§ **WHAT IS BEING ASKED**:
Could you print exactly the lines of the listing below, starting at the line that has "loads1 : powerlib/Elements/Three-Phase" and ending at the line that has "Energy Storage System", and only those lines?

[[ TASK DATA open ]]

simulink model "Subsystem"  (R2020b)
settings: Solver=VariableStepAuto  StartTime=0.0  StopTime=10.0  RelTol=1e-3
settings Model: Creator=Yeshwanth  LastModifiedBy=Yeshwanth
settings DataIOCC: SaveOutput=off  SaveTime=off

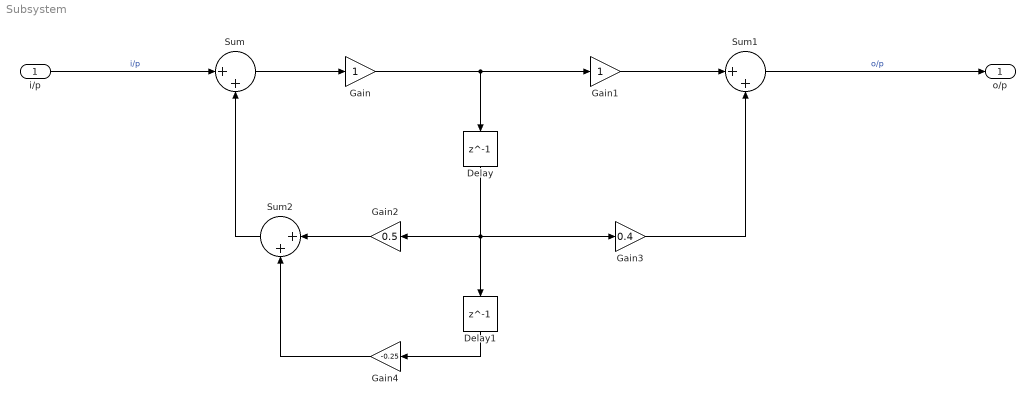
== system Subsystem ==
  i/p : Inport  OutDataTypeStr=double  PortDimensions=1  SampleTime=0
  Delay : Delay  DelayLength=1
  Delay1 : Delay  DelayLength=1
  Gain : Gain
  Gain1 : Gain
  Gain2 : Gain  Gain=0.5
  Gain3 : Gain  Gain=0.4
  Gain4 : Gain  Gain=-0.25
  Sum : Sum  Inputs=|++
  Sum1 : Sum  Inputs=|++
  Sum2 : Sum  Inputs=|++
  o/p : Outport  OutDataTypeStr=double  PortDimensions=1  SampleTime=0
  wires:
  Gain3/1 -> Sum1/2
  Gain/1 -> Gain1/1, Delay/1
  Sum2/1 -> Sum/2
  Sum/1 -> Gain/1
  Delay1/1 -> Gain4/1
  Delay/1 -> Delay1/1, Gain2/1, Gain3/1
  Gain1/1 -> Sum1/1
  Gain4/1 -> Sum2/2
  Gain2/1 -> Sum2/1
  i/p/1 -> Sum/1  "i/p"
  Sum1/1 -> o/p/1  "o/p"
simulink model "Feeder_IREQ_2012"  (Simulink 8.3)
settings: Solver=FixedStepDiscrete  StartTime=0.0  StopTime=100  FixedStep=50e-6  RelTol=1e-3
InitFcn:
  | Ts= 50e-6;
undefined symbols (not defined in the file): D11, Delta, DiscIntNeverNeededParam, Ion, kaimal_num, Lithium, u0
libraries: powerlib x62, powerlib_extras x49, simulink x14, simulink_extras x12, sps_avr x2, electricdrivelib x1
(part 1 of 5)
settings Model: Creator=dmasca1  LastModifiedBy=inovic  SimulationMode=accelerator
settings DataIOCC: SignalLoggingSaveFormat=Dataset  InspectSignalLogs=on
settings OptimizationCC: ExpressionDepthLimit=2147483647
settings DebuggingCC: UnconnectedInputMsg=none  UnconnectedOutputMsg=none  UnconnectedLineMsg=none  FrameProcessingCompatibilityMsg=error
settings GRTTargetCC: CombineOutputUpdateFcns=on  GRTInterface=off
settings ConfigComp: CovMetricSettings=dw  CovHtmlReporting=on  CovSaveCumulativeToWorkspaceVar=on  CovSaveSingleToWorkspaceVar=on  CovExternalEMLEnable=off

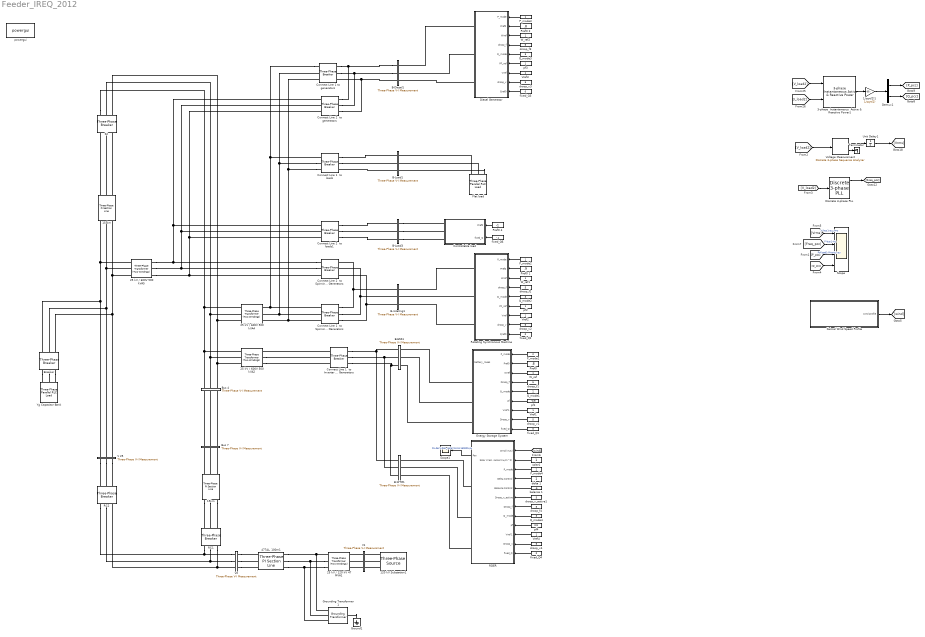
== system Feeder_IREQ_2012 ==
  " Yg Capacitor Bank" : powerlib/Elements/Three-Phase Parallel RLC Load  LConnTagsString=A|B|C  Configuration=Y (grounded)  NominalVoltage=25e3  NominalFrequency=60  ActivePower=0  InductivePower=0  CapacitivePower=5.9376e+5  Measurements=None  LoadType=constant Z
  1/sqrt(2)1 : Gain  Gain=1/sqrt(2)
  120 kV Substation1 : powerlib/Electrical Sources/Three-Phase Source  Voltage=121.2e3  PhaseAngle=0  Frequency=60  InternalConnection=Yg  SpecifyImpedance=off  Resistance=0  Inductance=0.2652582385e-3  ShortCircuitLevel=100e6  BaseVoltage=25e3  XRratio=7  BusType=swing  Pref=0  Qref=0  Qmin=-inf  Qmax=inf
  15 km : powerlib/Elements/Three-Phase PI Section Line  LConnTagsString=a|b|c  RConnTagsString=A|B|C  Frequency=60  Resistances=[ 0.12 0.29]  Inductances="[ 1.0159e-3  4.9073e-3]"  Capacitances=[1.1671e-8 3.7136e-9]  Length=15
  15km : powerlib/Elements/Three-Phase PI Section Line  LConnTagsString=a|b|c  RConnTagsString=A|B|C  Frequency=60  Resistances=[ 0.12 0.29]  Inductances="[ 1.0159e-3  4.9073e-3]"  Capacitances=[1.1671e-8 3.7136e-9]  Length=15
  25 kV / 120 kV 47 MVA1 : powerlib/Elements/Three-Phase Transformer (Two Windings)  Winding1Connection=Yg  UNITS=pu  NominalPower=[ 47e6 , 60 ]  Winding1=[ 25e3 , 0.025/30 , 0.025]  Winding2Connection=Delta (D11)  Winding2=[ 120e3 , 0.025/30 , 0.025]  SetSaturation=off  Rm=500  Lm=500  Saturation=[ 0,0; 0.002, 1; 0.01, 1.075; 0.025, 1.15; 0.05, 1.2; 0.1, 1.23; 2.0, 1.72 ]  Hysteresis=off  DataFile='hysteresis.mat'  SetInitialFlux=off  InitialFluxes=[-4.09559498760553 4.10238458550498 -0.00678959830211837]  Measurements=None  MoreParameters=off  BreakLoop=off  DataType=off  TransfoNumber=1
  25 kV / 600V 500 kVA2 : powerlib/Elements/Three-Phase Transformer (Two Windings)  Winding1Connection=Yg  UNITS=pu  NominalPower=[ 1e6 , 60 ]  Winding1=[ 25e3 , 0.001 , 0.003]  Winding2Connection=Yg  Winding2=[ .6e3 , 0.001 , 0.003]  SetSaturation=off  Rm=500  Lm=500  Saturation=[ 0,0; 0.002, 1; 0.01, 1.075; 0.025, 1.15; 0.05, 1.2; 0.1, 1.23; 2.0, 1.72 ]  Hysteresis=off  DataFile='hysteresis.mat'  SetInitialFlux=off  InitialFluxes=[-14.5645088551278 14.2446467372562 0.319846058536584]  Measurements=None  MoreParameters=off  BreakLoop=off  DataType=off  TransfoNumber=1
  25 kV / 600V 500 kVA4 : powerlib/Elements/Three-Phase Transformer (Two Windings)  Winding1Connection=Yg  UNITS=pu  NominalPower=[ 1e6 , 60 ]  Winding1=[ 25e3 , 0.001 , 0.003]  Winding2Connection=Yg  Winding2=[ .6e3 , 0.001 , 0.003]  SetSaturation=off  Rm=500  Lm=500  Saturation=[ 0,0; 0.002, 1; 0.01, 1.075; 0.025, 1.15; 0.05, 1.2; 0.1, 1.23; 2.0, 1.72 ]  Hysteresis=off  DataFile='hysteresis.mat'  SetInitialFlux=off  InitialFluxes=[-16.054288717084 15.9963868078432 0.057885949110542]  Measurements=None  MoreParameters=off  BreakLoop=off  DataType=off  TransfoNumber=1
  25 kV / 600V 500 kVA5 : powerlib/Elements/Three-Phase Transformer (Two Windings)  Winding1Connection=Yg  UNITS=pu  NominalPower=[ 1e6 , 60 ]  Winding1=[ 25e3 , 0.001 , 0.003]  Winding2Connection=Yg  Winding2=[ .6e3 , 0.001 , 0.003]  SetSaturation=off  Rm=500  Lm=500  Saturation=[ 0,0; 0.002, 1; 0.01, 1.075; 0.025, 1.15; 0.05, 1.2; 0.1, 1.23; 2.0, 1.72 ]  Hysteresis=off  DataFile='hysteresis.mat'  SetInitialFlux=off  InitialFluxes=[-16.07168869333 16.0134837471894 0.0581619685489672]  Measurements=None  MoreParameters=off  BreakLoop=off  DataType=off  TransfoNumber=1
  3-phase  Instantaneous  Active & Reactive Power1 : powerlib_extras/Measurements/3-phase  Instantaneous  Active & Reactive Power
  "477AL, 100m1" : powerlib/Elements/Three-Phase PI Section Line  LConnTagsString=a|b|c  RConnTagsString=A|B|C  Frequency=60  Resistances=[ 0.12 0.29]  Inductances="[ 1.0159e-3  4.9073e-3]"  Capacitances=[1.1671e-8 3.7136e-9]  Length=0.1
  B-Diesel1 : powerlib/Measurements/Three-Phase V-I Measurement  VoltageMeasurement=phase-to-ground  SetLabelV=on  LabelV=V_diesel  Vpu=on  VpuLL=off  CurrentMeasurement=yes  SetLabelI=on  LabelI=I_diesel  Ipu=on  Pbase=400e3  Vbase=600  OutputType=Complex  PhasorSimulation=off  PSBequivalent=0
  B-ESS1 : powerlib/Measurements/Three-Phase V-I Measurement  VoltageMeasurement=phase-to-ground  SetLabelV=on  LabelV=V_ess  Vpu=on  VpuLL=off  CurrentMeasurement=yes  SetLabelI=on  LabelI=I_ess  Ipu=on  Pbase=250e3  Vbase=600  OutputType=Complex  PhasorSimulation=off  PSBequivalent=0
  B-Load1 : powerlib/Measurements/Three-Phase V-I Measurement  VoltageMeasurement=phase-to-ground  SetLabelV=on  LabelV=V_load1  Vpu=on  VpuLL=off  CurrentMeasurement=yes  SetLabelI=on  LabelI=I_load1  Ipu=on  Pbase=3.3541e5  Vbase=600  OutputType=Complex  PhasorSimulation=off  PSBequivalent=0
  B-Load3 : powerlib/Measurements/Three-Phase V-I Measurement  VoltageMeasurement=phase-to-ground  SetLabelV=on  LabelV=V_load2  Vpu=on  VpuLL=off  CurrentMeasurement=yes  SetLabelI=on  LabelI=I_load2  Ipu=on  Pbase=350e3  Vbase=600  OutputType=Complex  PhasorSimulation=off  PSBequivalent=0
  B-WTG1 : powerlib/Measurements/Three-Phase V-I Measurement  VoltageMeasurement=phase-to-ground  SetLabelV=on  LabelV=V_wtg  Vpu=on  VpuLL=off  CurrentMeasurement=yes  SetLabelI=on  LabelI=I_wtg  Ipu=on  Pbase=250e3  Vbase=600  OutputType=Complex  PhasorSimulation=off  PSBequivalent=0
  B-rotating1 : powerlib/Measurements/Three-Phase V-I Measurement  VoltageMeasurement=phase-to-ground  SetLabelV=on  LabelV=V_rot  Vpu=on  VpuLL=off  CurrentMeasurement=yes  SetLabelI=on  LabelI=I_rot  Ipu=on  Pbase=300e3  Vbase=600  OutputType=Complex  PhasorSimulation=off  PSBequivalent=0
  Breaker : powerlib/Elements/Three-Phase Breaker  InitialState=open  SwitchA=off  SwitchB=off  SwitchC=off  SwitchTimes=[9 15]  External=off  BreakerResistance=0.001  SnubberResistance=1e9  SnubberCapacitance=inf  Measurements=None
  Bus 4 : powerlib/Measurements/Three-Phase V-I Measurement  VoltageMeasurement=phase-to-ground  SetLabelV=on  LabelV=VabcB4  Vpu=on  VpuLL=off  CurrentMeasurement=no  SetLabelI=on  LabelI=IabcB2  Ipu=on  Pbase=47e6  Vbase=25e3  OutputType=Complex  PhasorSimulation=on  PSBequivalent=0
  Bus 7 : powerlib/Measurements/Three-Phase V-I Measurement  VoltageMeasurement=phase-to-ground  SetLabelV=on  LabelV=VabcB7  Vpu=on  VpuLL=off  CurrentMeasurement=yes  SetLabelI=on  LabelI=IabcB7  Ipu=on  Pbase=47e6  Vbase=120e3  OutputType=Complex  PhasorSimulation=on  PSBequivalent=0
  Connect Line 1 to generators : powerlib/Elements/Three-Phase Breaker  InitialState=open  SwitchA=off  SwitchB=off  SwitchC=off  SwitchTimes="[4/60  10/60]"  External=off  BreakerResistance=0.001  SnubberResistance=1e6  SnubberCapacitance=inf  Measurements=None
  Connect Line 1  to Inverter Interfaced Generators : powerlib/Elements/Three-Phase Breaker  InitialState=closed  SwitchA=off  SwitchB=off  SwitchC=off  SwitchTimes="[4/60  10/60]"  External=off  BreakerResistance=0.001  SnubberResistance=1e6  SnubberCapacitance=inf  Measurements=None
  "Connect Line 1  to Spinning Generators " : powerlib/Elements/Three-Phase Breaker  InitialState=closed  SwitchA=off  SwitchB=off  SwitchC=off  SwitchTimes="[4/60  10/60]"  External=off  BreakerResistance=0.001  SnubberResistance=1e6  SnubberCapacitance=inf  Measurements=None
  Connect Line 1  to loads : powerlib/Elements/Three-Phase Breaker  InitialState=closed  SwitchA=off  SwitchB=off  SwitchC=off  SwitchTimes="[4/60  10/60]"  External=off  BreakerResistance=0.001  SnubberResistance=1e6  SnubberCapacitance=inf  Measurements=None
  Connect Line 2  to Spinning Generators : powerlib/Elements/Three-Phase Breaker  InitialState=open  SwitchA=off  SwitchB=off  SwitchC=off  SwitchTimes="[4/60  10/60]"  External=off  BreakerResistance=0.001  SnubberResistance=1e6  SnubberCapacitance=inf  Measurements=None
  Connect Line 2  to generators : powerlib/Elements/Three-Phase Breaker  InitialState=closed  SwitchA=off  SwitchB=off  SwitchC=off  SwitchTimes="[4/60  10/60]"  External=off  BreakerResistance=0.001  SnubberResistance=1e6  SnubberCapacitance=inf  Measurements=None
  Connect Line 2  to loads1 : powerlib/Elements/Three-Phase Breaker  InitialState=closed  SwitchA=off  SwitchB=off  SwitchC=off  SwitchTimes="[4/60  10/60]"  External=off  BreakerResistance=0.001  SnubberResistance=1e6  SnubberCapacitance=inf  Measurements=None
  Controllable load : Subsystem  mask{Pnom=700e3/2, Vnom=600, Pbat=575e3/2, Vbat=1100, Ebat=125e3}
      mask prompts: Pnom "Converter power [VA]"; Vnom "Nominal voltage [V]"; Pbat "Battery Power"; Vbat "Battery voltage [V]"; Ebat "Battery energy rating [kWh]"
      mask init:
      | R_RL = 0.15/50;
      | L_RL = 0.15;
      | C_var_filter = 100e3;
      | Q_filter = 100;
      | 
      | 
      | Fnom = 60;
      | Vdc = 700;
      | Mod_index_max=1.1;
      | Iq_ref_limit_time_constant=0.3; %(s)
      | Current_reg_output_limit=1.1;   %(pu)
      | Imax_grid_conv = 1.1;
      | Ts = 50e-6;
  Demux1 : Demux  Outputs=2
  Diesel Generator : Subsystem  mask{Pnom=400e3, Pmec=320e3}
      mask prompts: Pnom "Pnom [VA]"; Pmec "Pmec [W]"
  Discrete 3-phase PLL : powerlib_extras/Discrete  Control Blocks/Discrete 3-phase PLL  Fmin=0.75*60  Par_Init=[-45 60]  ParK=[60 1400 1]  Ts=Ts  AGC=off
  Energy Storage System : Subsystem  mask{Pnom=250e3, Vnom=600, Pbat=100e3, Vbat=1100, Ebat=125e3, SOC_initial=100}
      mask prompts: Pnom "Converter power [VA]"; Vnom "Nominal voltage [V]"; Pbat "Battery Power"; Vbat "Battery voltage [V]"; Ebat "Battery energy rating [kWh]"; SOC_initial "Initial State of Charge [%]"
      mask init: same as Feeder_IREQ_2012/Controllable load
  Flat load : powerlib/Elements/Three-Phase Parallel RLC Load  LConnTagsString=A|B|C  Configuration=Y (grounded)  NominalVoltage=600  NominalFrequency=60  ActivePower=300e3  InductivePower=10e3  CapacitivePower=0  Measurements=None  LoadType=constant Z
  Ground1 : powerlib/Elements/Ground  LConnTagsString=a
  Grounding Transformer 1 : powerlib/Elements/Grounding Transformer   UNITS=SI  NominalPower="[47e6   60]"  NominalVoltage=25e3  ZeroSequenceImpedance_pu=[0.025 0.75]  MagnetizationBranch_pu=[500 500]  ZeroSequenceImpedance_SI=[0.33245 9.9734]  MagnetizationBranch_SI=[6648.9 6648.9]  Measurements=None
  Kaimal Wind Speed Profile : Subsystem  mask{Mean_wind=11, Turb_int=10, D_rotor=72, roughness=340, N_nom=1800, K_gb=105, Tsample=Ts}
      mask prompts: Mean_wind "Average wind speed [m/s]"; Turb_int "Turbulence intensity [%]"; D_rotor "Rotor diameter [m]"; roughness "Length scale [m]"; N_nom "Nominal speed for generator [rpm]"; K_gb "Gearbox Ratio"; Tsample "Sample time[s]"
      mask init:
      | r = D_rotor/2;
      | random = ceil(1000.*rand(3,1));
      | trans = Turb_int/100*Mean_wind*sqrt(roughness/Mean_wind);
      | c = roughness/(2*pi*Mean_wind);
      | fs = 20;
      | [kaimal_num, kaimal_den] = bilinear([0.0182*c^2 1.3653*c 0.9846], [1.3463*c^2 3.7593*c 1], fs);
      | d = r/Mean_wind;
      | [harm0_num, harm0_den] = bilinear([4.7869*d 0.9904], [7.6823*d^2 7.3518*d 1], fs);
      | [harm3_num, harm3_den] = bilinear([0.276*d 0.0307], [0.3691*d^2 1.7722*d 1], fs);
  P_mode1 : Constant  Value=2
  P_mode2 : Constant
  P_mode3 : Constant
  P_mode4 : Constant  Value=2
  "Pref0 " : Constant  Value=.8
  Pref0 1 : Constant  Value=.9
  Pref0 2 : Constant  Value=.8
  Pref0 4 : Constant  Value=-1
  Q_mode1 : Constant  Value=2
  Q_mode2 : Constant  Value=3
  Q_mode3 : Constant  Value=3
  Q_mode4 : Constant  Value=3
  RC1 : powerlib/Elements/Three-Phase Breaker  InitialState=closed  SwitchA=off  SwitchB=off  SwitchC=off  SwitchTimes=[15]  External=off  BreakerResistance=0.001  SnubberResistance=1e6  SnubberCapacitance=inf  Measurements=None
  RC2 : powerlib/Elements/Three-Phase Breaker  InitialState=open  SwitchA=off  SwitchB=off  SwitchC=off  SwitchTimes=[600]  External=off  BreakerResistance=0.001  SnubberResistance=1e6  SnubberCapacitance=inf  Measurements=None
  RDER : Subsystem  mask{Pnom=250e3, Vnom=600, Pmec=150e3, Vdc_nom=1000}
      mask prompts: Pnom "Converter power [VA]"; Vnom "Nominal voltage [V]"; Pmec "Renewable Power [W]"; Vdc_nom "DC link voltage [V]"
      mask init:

[[ TASK DATA closed ]]

§ **SOLUTION BELOW**:
  Connect Line 2  to loads1 : powerlib/Elements/Three-Phase Breaker  InitialState=closed  SwitchA=off  SwitchB=off  SwitchC=off  SwitchTimes="[4/60  10/60]"  External=off  BreakerResistance=0.001  SnubberResistance=1e6  SnubberCapacitance=inf  Measurements=None
  Controllable load : Subsystem  mask{Pnom=700e3/2, Vnom=600, Pbat=575e3/2, Vbat=1100, Ebat=125e3}
      mask prompts: Pnom "Converter power [VA]"; Vnom "Nominal voltage [V]"; Pbat "Battery Power"; Vbat "Battery voltage [V]"; Ebat "Battery energy rating [kWh]"
      mask init:
      | R_RL = 0.15/50;
      | L_RL = 0.15;
      | C_var_filter = 100e3;
      | Q_filter = 100;
      | 
      | 
      | Fnom = 60;
      | Vdc = 700;
      | Mod_index_max=1.1;
      | Iq_ref_limit_time_constant=0.3; %(s)
      | Current_reg_output_limit=1.1;   %(pu)
      | Imax_grid_conv = 1.1;
      | Ts = 50e-6;
  Demux1 : Demux  Outputs=2
  Diesel Generator : Subsystem  mask{Pnom=400e3, Pmec=320e3}
      mask prompts: Pnom "Pnom [VA]"; Pmec "Pmec [W]"
  Discrete 3-phase PLL : powerlib_extras/Discrete  Control Blocks/Discrete 3-phase PLL  Fmin=0.75*60  Par_Init=[-45 60]  ParK=[60 1400 1]  Ts=Ts  AGC=off
  Energy Storage System : Subsystem  mask{Pnom=250e3, Vnom=600, Pbat=100e3, Vbat=1100, Ebat=125e3, SOC_initial=100}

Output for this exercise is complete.